= Project Rastko =

Project Rastko — Internet Library of Serb Culture (Пројекат Растко — Електронска библиотека српске културе, Projekat Rastko — Elektronska biblioteka srpske kulture) is a non-profit and non-governmental publishing, cultural and educational project dedicated to Serb and Serb-related arts and humanities. It is named after Rastko Nemanjić.

==Project==
The project was established in 1997 as a part of a pan-regional Balkans Cultural Network Initiative . Its main activities are:
- electronic publishing in the fields of Serbian and Serbian-related arts and humanities
- scientific and cultural conferences and studies about Balkan cultural-civilizational integration
- bilateral and multilateral activities with other Balkan and world countries
- establishing regional centres
- technical training

The apex of the project is its electronic library with more than half a gigabyte of material, comprising electronic books and articles, photographs and comics. Although most texts are Serbian, there is a body of material in other languages, again mostly in English and Russian, but also in French, German, Spanish, and other languages.

The library contains material in both the public domain and copyrighted texts published with the authors' permissions, dating from earliest medieval Serb texts to contemporary science fiction. The site of the project also hosts several sites not directly related to the project.
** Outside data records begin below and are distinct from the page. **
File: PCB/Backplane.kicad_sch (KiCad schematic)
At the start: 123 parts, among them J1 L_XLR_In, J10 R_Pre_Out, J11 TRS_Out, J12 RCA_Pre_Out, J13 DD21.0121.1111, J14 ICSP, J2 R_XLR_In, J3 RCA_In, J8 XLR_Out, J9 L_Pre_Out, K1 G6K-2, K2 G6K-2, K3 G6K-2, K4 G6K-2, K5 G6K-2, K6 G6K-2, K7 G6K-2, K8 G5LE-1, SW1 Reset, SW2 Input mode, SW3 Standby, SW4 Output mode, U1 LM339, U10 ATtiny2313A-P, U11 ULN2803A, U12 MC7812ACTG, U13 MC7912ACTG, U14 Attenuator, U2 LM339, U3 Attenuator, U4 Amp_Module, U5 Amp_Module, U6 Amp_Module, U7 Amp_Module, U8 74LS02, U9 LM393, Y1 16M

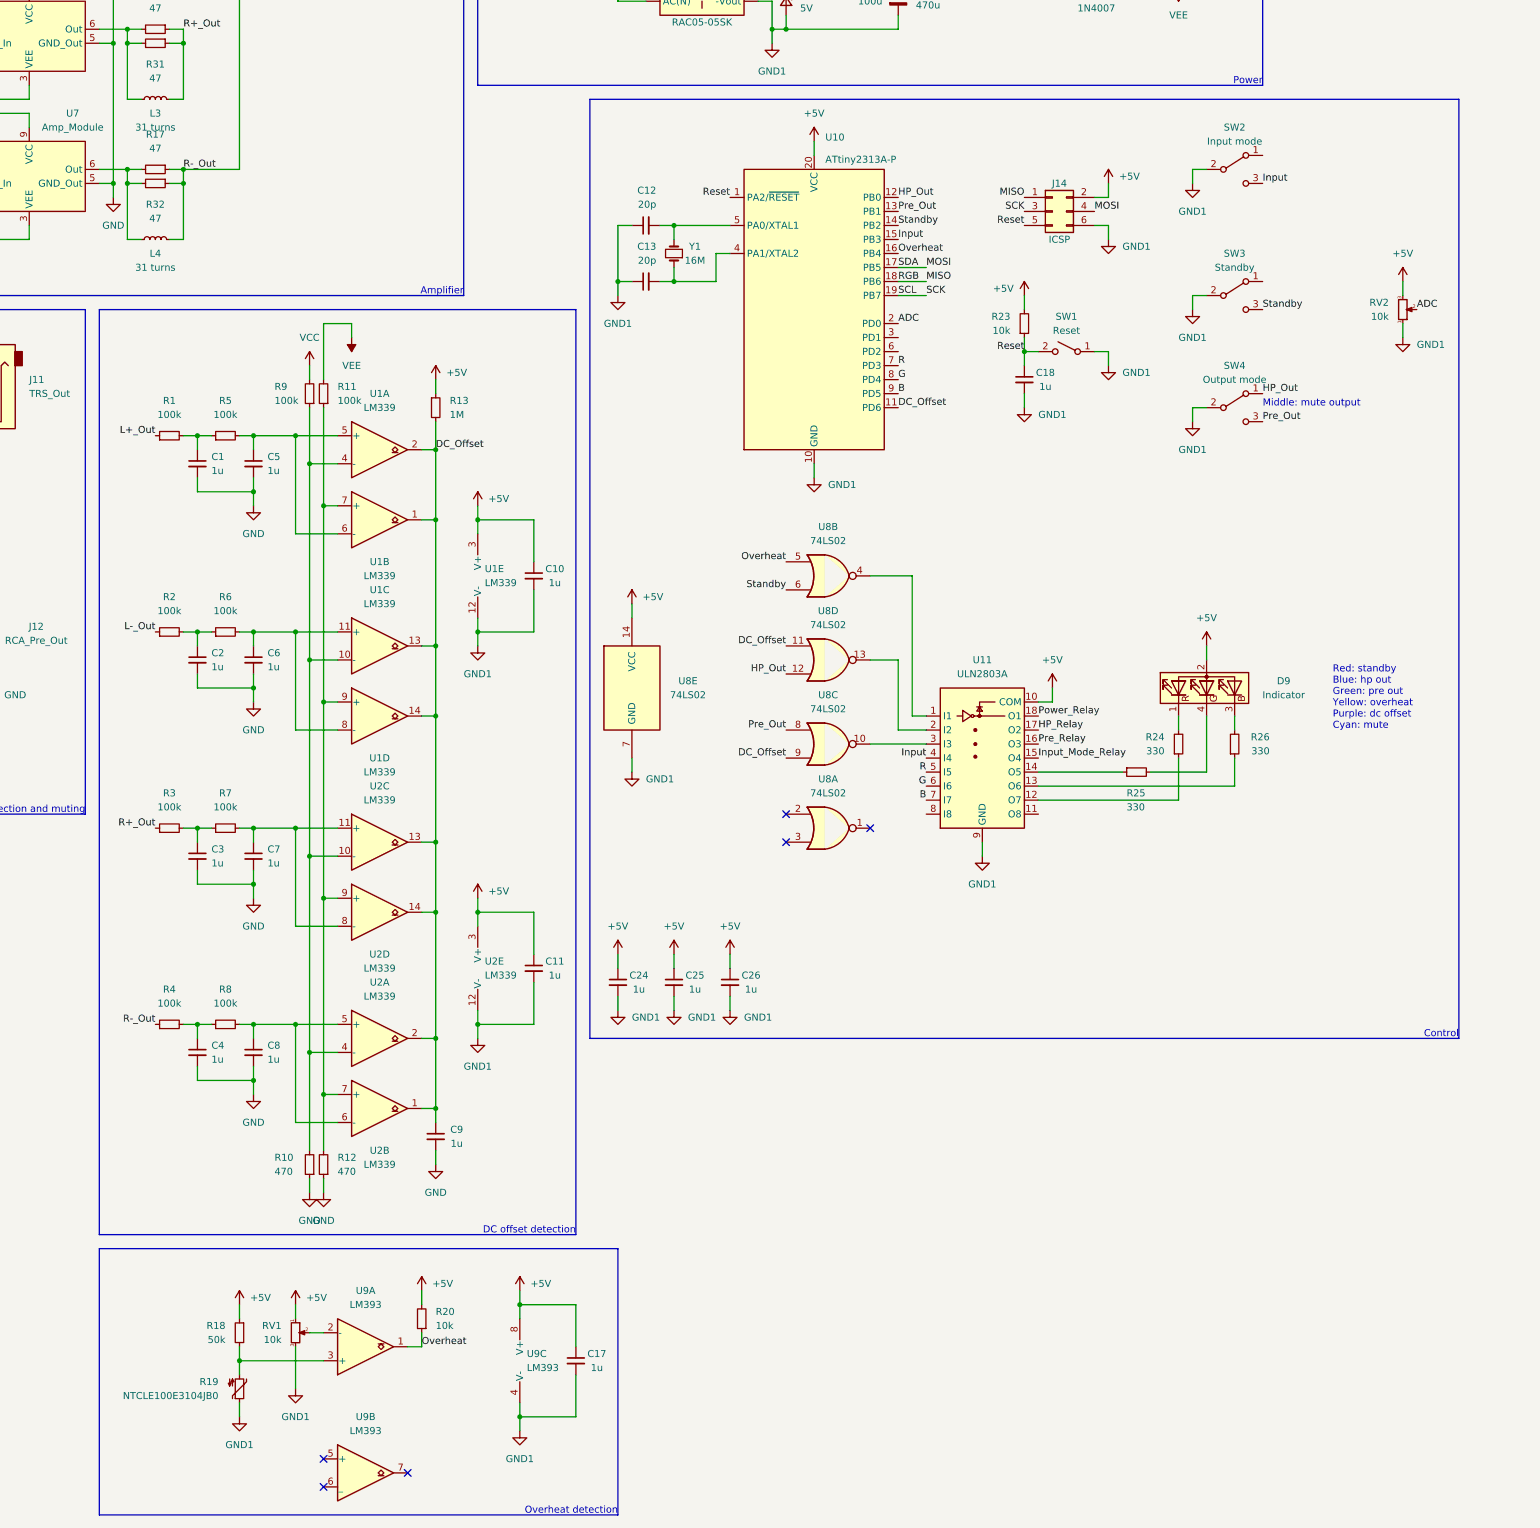
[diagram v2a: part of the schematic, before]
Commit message: Added bulk capacitance to each IC, rerouted 5V line on backplane board
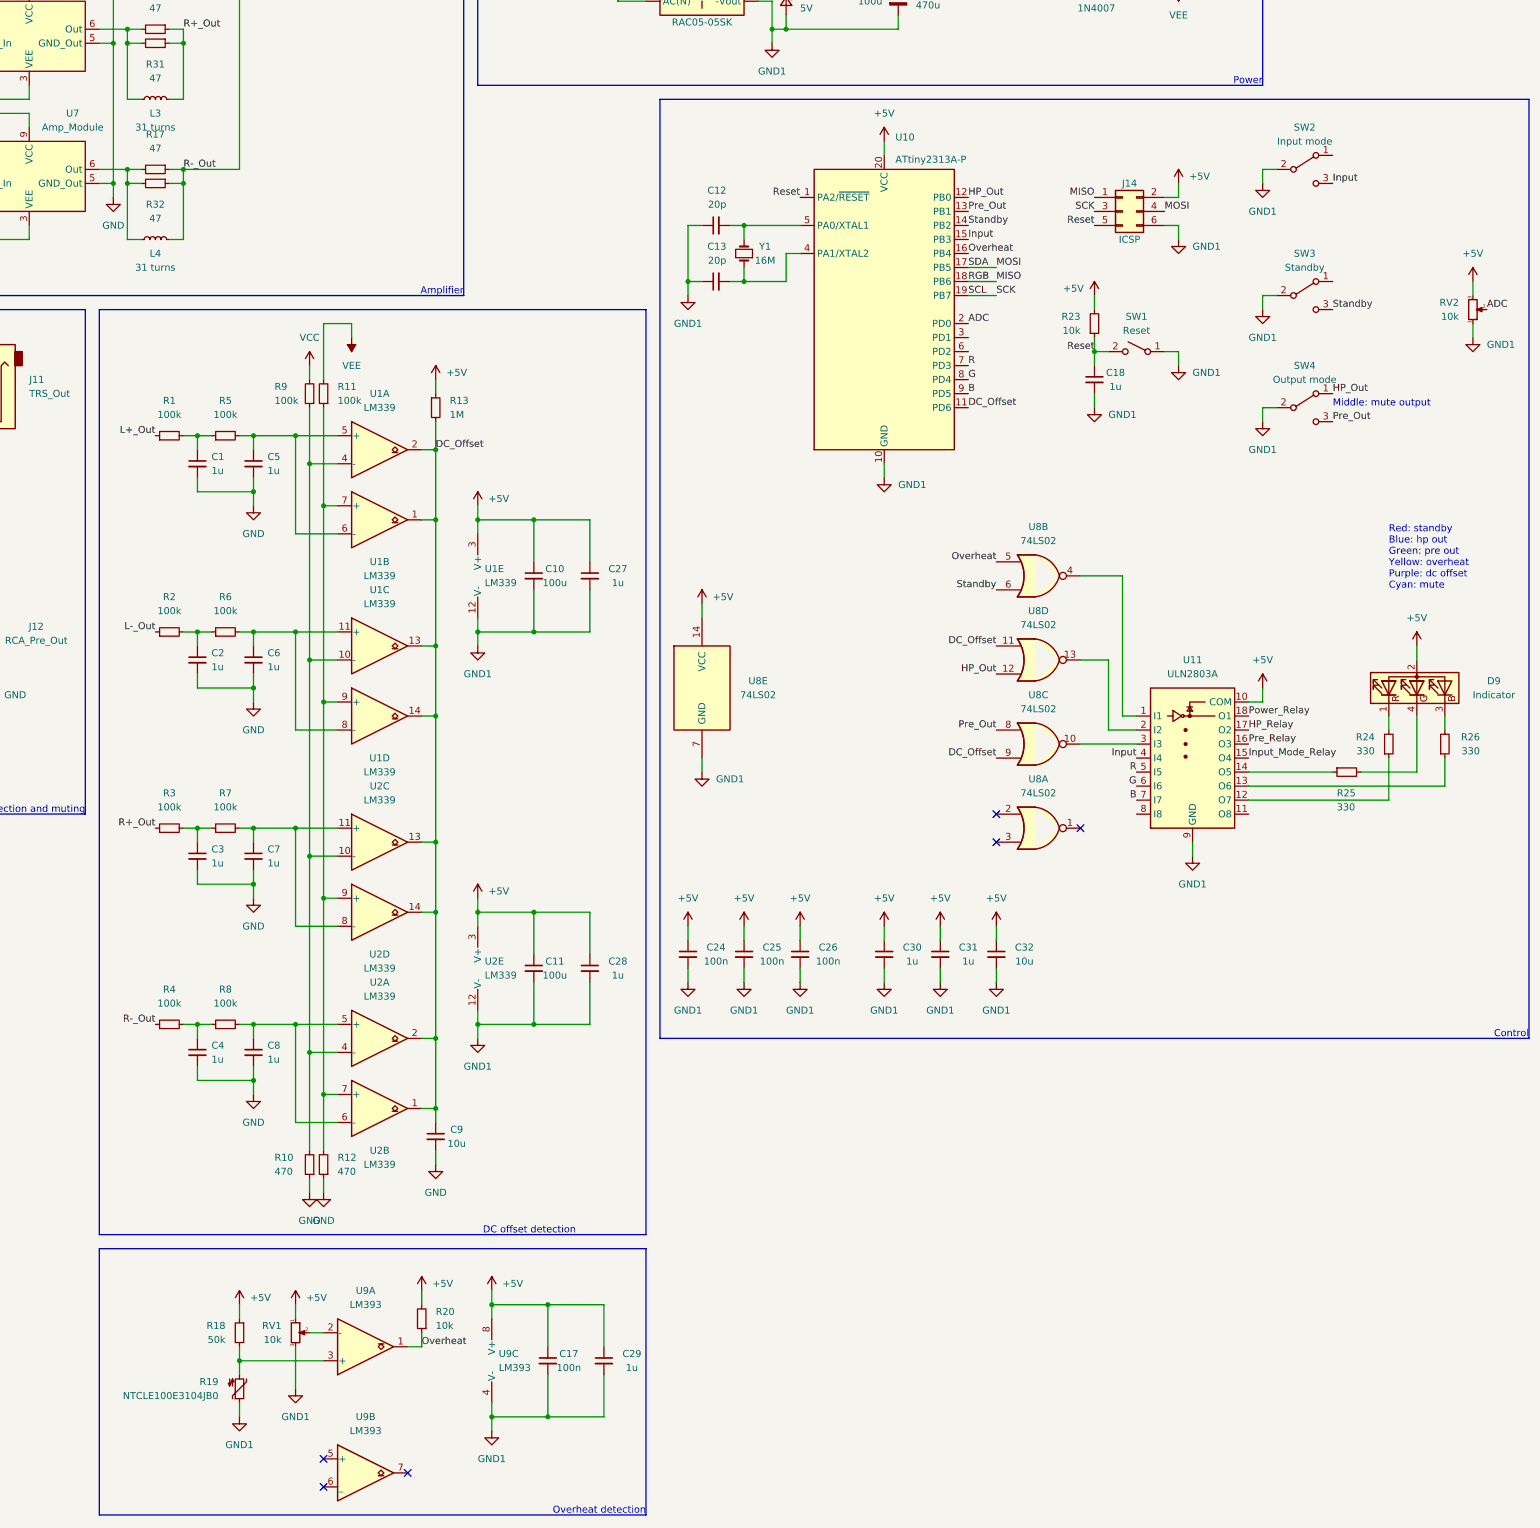
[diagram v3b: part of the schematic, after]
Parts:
- added C27, C28, C29, C30, C31: 1u, Capacitor_SMD:C_0603_1608Metric, symbol Device:C_Small
- added C32: 10u, Capacitor_SMD:C_0603_1608Metric, symbol Device:C_Small
- C10, C11: value 1u -> 100u
- C17, C24, C25, C26: value 1u -> 100n
- C9: value 1u -> 10u
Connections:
- net +5V: now also C27.1, C28.1, C29.1, C30.1, C31.1, C32.1
- net GND1: now also C27.2, C28.2, C29.2, C30.2, C31.2, C32.2
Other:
- moved on the sheet: C12, C13, C17, C18, C24, C25, C26, D9, J14, R23, R24, R25

Project Rastko also hosts the European version of Distributed Proofreaders, which intends to supply Project Gutenberg with public domain texts in European languages. Project Rastko is organising a coalition of European e-libraries for the purpose of collecting public domain works, aiming to eventually have a node of Distributed Proofreaders in each European country.

==Centres==
Currently (2007) the project has following regional centres:

1. Denmark (Projekt Rastko — Denmark, network of electronic libraries and achievements regarding Danish culture and Danish-Serbian cultural and historical links)
2. Republic of Macedonia (Project Rastko — Macedonia, electronic library of culture and tradition of Macedonia)
3. Russia (Project Rastko — Russia)
4. The Drina (Project Rastko — The Drina, electronic library of culture and tradition of the Drina)
5. Kashubians (Project Rastko — Kashubia, e-library of culture and tradition of Kashubians)
6. Slovenia (Project Rastko — Slovenia, e-library of Slovenian-Serbian cultural ties)
7. Gora (Project Rastko — Gora, e-library of culture and tradition of Gora and Goranies)
8. Poland (Project Rastko — Poland, library of Polish-Serbian cultural links)
9. Lusatia (Project Rastko — Lusatia, electronic library of Sorbian-Serbian cultural ties)
10. Bulgaria (Project Rastko — Bulgaria, library of Bulgarian-Serbian cultural links)
11. Albania (Project Rastko — Shkoder, library of Slavs in Albania and Albanian-Slavic cultural links)
12. Bosnian Krajina (Project Rastko — Banja Luka, electronic library of culture and tradition of the Bosnian Krajina)
13. Ukraine (Project Rastko — Kiev-Lavov, electronic library of Ukrainian-Serbian cultural links)
14. Hungary (Project Rastko — Budapest-Saint Andrew, library of culture and tradition of the Serbs in Hungary)
15. Bay of Kotor (Project Rastko — Bay of Kotor, electronic library of culture and tradition of Bocca)
16. Montenegro (Project Rastko — Cetinje, electronic library of culture and tradition of Montenegro)
17. Kosovo (Project Rastko — Kosovo and Metohija, electronic library of culture and tradition of the southern Serbian province)
18. Romania (Project Rastko — Romania, library of the culture of Serbs in Romania)
19. Italy (Rastko Project — Italy, electronic library of Serbian-Italian cultural links)

Each of them is autonomous, and develops its projects and activities through local academic, cultural, media NGOs and individuals, including strong co-operation with ethnic minorities centres. Future activities of Belgrade centre will include projects about Slovak, Jewish and Roma/Gypsy as well as for 29 other ethnocultural minorities in South-Eastern Europe.